* [WHAT TO DO]: Pull every line with the word "layer" out of the entries below.
------------------------------------
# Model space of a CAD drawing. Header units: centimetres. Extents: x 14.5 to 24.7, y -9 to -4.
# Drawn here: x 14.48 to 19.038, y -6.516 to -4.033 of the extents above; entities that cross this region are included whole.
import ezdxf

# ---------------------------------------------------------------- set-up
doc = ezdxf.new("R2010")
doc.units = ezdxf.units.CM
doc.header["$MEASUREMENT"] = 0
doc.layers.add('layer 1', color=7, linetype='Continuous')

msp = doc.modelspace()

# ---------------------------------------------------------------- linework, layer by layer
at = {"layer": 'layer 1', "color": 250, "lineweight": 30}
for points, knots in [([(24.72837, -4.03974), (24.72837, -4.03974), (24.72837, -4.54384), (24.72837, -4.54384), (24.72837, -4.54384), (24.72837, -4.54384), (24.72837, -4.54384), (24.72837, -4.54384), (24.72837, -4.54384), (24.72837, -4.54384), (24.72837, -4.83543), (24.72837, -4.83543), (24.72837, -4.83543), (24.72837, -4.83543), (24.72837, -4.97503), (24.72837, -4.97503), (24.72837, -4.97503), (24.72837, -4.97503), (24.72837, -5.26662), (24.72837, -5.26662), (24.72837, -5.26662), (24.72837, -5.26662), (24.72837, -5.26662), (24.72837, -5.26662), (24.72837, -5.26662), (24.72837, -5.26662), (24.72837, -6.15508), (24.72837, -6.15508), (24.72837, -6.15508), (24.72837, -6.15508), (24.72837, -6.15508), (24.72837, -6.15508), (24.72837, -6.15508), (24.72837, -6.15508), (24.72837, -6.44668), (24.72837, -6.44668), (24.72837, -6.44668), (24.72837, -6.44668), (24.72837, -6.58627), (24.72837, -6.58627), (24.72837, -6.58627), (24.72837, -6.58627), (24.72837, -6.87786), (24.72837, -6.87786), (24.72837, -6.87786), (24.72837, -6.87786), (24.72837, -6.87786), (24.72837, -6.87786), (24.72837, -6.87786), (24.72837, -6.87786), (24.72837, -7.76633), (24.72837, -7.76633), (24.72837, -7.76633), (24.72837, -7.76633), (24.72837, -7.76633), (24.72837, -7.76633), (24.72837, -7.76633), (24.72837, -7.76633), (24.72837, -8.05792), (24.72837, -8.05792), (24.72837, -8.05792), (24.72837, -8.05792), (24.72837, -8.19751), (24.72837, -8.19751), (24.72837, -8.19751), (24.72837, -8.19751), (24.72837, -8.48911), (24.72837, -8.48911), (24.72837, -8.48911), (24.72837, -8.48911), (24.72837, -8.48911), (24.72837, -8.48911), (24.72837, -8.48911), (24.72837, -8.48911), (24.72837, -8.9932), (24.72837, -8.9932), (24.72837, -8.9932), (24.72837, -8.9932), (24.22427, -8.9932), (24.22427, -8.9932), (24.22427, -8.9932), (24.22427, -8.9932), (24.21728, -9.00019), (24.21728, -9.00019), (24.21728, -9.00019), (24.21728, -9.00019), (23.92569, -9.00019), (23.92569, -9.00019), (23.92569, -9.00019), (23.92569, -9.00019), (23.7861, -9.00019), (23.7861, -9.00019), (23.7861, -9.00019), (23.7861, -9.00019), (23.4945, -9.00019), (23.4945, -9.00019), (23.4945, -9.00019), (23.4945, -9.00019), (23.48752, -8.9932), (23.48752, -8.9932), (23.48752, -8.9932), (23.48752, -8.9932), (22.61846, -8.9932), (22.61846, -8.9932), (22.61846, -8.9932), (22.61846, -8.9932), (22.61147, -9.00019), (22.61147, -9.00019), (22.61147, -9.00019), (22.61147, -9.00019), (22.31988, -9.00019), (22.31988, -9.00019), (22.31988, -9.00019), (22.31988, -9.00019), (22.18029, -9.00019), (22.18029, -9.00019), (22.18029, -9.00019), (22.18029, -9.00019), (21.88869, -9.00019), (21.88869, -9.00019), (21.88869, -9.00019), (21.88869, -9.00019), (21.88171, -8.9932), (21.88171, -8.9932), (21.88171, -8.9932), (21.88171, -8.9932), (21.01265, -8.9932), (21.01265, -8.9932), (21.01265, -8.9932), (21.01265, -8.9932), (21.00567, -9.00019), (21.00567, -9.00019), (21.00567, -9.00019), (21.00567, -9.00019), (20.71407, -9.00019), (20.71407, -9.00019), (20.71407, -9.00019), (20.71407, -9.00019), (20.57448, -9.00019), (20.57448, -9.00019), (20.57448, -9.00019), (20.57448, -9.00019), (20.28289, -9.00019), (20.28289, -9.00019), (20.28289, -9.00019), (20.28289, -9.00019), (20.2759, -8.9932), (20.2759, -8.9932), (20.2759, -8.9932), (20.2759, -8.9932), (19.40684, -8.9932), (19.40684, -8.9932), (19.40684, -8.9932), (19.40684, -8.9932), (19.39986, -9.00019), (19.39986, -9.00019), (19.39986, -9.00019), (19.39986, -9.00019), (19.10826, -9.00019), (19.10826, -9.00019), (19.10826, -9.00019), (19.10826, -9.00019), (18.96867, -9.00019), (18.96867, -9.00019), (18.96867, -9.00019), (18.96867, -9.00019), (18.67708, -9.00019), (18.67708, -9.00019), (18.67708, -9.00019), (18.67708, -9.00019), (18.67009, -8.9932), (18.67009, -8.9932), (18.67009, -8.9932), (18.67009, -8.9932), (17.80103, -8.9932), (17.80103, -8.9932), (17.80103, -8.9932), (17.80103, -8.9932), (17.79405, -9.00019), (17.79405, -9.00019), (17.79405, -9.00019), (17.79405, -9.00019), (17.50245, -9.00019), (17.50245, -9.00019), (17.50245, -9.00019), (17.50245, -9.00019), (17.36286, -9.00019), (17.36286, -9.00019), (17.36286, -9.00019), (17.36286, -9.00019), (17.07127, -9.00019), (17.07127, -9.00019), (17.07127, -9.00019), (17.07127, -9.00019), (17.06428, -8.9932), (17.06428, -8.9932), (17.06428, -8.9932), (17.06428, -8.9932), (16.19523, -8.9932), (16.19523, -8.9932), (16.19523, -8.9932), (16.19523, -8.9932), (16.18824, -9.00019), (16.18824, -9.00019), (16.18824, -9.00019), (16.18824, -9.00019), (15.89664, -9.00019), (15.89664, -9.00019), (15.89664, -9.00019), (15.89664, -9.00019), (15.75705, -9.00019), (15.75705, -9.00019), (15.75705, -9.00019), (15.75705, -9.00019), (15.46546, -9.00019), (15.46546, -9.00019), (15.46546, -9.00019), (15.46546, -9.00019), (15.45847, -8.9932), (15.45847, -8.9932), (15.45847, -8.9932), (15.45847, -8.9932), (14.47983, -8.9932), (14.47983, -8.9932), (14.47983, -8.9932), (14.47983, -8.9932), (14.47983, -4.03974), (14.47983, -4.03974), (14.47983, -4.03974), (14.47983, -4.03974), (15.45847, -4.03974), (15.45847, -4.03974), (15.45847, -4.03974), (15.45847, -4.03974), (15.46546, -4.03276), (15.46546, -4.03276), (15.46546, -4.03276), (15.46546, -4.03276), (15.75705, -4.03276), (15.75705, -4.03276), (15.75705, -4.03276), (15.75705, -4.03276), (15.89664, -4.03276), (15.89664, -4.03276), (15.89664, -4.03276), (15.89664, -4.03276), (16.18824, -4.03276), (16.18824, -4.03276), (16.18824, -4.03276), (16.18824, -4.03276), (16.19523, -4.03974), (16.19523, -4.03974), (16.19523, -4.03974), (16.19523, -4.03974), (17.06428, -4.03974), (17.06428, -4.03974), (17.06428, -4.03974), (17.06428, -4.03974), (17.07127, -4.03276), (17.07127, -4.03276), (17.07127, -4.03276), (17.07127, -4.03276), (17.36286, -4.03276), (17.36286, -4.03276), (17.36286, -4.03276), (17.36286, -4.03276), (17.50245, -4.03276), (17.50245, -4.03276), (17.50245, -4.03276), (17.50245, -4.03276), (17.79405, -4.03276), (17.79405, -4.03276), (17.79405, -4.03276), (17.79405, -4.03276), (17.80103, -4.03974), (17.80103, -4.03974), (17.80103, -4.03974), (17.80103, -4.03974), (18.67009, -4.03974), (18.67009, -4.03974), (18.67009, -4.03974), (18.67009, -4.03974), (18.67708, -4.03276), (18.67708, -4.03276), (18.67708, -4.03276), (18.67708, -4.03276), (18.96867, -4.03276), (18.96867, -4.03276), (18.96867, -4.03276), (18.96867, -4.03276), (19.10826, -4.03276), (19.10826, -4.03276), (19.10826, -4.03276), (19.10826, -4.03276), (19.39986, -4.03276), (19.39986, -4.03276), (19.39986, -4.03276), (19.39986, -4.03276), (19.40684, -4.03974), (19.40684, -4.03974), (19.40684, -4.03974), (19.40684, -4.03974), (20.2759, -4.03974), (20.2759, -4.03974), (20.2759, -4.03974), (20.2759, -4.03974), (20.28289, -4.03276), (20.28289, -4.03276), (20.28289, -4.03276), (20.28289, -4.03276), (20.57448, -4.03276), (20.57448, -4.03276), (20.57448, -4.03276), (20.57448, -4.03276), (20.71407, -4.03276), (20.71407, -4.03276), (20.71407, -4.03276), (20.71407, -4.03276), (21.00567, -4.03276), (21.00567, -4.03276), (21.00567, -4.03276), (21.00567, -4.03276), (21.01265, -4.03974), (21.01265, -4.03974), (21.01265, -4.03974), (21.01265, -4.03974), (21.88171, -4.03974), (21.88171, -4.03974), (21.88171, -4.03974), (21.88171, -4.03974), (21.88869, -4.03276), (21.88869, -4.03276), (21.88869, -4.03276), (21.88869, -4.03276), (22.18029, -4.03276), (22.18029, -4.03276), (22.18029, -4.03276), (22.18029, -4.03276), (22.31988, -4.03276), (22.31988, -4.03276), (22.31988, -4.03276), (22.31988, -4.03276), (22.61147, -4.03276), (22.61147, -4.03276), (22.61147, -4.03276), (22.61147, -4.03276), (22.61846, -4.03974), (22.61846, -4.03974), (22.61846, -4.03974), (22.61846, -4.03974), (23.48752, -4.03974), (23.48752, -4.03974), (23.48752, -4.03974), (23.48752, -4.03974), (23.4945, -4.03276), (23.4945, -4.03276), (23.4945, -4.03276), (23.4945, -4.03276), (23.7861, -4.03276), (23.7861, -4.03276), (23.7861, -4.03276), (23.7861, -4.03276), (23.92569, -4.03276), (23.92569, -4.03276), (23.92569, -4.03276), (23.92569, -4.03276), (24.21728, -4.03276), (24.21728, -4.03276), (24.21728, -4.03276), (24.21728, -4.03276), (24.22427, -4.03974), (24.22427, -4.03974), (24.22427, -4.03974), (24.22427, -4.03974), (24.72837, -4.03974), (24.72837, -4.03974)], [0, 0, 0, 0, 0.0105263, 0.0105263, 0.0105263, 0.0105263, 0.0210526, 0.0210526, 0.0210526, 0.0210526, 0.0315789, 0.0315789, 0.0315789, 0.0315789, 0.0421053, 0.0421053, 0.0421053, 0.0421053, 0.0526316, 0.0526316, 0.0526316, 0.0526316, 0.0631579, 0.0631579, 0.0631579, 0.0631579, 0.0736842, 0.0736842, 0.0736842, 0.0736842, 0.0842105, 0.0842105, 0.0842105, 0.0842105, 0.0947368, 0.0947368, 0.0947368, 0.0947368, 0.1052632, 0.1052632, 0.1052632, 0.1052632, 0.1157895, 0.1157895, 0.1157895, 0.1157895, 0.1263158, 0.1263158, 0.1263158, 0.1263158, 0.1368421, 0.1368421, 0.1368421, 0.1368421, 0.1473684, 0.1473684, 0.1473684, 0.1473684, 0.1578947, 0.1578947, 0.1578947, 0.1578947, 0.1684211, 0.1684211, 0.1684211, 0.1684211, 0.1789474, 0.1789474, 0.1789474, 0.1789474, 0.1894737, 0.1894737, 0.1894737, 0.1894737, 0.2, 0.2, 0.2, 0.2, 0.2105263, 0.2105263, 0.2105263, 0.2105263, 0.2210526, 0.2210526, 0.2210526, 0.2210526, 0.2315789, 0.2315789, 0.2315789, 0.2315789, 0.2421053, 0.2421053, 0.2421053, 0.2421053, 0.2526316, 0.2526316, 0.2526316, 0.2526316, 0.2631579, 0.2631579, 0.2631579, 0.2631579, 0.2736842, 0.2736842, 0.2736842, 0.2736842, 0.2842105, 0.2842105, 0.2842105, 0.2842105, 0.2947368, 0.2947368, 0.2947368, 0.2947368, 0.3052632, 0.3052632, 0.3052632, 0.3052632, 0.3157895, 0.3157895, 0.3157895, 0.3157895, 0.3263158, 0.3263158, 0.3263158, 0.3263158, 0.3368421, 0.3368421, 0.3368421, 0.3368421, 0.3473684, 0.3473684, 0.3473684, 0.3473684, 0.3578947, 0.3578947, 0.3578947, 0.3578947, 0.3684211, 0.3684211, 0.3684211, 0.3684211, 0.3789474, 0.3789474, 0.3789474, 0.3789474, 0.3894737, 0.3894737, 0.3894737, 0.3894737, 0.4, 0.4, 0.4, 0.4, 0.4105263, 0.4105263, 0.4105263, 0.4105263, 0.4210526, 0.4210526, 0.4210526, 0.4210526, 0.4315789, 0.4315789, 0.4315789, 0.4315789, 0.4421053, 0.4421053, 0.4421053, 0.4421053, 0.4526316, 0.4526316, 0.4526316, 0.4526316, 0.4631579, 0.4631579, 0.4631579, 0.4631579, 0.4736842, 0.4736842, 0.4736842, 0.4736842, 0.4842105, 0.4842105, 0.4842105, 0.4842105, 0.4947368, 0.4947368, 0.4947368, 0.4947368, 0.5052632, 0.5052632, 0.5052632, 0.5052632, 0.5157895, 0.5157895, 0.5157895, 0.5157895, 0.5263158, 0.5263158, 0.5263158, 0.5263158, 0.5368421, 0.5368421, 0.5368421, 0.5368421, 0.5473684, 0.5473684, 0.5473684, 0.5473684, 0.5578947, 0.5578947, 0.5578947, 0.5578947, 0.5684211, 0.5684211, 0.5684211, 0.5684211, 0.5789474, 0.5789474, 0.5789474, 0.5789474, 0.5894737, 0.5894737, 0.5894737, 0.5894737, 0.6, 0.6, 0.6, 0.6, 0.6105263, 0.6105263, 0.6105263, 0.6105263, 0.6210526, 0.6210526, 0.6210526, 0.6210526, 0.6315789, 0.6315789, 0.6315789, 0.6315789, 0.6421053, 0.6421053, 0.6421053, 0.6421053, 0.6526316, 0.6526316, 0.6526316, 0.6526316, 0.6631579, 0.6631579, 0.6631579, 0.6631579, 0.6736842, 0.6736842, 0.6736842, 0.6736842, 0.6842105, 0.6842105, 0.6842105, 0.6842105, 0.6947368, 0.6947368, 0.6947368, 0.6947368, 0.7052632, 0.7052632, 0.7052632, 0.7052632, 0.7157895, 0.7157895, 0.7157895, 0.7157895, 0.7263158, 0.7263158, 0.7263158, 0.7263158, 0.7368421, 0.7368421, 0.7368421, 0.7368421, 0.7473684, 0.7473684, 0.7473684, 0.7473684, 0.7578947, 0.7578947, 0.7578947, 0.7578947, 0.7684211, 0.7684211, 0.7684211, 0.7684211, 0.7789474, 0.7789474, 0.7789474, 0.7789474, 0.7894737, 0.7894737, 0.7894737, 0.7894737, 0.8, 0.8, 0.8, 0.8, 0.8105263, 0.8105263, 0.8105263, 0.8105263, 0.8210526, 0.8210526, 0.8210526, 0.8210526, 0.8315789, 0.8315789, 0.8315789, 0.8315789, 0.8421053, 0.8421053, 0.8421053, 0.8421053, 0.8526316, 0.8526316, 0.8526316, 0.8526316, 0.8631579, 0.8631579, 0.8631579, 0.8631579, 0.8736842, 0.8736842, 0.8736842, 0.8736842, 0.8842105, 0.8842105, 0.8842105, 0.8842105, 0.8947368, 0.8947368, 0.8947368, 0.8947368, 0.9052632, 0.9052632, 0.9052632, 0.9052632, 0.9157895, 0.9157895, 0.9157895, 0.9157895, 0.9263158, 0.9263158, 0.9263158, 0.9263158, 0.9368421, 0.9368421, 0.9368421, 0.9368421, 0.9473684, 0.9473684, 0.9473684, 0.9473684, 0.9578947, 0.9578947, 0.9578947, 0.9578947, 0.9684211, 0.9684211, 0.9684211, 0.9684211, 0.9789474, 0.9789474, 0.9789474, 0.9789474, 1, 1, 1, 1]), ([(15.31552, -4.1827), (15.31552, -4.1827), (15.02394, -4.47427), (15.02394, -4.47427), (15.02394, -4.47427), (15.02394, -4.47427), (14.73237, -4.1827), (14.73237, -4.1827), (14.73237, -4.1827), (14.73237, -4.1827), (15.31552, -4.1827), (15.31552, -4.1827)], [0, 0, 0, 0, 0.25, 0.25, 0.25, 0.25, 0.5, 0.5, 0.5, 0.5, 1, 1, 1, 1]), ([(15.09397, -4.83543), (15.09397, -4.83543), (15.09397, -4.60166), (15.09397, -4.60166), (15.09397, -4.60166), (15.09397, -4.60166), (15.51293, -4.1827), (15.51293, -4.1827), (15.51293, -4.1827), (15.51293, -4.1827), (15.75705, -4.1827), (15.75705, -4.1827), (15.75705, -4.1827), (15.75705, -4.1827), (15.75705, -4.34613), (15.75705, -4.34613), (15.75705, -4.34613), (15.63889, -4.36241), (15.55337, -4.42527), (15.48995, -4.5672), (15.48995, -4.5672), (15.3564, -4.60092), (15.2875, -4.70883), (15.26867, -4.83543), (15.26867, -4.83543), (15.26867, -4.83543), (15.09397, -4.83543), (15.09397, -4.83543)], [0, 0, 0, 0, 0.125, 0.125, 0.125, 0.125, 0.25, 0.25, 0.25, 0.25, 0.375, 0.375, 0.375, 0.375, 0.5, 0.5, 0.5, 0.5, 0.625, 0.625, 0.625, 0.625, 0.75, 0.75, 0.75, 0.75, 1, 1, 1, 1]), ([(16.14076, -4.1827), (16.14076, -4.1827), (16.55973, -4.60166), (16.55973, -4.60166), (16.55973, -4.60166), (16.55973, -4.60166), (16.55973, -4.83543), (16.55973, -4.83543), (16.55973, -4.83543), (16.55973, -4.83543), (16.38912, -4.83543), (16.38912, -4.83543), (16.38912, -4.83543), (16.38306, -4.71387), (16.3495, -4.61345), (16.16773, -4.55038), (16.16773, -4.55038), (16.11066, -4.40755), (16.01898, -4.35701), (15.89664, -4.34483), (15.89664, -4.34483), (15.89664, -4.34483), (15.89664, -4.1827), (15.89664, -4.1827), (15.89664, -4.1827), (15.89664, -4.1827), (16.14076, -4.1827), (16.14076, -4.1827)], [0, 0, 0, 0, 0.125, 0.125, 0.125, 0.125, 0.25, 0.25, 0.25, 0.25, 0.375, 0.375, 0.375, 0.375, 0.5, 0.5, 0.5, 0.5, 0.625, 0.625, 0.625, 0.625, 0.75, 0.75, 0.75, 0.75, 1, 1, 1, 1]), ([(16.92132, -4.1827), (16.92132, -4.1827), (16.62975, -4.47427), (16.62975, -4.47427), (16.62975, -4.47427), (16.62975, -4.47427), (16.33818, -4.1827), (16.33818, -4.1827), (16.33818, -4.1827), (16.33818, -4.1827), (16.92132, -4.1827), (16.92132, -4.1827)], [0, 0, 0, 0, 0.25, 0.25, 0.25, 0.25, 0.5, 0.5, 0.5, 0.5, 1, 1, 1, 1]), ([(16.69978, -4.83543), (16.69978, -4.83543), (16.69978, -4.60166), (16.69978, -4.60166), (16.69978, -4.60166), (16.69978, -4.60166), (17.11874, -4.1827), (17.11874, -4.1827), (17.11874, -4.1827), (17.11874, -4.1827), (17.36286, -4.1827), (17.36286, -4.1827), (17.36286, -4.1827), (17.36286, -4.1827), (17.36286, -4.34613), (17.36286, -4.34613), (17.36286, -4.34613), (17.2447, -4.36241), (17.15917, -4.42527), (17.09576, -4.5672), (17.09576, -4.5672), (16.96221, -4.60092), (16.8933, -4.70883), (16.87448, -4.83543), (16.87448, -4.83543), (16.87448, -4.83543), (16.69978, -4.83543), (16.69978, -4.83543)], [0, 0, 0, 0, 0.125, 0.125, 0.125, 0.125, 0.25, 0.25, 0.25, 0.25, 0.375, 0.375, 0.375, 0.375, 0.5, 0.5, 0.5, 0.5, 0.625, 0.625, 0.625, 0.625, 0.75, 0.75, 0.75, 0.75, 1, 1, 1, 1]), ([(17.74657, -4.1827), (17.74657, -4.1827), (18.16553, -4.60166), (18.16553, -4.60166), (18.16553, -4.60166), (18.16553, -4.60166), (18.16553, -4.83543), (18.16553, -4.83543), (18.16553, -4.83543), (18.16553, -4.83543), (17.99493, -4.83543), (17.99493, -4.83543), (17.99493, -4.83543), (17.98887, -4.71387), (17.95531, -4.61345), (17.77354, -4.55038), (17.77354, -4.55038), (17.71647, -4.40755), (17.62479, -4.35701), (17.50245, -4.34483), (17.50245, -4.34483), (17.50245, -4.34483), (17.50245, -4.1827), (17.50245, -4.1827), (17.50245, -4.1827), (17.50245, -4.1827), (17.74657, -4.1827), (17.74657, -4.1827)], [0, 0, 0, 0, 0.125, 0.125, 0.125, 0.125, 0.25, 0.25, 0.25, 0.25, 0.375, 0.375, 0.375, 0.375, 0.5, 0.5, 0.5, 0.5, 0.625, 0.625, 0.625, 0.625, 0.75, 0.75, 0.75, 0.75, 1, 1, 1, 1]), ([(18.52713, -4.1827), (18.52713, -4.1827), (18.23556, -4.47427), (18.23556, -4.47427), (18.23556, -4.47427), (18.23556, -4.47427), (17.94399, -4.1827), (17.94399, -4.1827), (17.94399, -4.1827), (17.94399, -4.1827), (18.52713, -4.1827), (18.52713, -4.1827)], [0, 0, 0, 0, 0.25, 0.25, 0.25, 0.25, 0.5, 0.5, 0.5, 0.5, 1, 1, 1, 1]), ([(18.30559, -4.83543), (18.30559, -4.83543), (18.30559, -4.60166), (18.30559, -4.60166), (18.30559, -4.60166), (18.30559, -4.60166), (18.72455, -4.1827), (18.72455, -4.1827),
------------------------------------
* [RESPONSE TO THE EXERCISE]:
doc.layers.add('layer 1', color=7, linetype='Continuous')
# ---------------------------------------------------------------- linework, layer by layer
at = {"layer": 'layer 1', "color": 250, "lineweight": 30}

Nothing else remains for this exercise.